From the data that follows, copy every line with the string "footprint".
---------- Source data ----------
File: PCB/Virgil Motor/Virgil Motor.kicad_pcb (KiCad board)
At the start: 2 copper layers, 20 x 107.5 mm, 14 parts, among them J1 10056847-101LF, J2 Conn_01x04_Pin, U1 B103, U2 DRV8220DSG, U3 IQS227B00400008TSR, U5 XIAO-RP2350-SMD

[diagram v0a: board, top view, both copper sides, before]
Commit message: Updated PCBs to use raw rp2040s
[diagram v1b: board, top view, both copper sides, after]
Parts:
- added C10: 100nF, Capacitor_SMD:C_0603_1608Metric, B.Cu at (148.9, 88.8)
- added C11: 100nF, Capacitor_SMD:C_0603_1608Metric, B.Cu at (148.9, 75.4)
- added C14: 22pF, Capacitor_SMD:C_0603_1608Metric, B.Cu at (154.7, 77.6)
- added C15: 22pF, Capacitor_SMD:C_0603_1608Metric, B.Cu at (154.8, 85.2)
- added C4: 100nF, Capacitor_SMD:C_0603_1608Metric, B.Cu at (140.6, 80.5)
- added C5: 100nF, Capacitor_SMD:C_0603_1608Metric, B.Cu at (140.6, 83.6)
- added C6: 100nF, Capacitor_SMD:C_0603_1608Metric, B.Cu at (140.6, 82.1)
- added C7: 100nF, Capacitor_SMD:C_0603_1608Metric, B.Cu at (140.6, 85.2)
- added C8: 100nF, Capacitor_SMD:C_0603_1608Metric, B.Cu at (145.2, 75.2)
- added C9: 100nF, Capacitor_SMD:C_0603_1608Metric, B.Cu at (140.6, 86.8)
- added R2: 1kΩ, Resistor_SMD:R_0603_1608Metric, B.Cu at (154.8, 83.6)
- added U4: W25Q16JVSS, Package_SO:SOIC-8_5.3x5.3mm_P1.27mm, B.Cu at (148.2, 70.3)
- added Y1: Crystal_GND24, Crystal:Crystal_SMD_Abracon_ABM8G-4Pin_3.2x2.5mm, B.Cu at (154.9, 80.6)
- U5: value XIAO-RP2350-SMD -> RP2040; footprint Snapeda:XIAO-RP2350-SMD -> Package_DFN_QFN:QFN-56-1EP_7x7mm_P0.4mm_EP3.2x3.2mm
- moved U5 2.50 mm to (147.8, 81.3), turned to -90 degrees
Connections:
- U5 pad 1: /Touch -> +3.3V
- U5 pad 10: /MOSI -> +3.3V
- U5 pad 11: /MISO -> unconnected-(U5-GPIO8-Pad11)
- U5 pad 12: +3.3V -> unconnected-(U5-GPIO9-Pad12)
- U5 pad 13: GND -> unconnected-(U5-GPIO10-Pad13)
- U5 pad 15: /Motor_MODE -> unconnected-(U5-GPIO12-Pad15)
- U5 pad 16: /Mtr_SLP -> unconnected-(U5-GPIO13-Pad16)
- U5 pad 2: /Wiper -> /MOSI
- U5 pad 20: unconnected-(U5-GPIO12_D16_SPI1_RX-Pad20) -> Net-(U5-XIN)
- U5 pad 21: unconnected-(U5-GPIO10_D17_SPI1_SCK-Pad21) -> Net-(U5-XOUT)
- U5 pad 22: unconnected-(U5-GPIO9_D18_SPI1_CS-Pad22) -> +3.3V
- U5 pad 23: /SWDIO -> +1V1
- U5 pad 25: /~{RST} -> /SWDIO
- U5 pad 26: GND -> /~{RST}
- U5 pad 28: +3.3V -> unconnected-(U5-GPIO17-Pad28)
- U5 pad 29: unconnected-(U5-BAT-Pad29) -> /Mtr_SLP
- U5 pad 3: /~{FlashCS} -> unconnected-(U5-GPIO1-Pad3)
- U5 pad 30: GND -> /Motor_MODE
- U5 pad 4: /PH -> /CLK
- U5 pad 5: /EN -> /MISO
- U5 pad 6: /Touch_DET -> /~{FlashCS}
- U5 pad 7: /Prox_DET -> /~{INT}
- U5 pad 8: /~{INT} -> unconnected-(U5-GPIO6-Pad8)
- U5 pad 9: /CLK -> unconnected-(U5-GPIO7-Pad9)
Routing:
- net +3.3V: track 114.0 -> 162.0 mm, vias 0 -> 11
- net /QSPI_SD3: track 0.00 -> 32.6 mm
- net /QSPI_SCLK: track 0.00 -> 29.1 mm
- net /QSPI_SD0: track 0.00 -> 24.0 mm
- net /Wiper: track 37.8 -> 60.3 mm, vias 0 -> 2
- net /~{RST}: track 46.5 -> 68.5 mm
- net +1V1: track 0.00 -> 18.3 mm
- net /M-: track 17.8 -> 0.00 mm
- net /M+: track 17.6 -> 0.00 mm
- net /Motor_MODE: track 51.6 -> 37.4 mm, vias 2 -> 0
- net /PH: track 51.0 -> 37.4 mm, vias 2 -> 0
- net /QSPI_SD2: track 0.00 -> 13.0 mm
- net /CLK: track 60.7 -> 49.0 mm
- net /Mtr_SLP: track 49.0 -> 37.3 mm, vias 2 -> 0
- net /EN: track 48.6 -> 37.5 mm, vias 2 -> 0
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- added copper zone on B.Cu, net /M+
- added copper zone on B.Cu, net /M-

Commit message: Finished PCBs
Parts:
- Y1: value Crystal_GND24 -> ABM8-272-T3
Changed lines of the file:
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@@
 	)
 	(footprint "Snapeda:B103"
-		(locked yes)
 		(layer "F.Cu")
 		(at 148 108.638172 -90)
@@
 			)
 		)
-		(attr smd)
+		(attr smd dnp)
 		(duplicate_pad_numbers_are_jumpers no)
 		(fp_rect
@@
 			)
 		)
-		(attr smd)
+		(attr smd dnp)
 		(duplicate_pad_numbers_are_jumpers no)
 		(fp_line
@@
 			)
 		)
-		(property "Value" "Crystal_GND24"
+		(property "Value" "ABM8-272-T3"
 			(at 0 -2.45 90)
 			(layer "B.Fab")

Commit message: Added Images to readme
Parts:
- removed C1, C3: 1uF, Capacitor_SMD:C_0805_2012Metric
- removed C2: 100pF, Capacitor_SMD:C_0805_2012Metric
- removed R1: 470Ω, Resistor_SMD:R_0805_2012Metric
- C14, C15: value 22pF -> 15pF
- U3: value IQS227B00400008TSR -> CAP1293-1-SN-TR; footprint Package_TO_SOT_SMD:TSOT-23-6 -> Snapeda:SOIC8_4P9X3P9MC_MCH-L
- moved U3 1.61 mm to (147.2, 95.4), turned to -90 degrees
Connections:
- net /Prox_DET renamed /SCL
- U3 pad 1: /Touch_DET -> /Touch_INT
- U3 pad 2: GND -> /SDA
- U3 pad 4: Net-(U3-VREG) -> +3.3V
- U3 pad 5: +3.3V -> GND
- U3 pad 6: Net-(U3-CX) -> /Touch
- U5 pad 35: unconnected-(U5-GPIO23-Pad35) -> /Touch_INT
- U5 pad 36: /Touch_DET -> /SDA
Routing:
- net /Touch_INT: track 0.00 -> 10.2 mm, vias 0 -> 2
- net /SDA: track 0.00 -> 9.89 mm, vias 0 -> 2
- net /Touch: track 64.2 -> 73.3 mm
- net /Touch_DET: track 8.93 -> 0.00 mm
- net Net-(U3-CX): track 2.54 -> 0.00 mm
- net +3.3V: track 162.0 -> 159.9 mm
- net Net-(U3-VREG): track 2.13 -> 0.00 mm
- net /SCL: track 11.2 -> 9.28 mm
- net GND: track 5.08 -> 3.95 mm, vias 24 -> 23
----------
Expected answer:
- U5: value XIAO-RP2350-SMD -> RP2040; footprint Snapeda:XIAO-RP2350-SMD -> Package_DFN_QFN:QFN-56-1EP_7x7mm_P0.4mm_EP3.2x3.2mm
 	(footprint "Snapeda:B103"
- U3: value IQS227B00400008TSR -> CAP1293-1-SN-TR; footprint Package_TO_SOT_SMD:TSOT-23-6 -> Snapeda:SOIC8_4P9X3P9MC_MCH-L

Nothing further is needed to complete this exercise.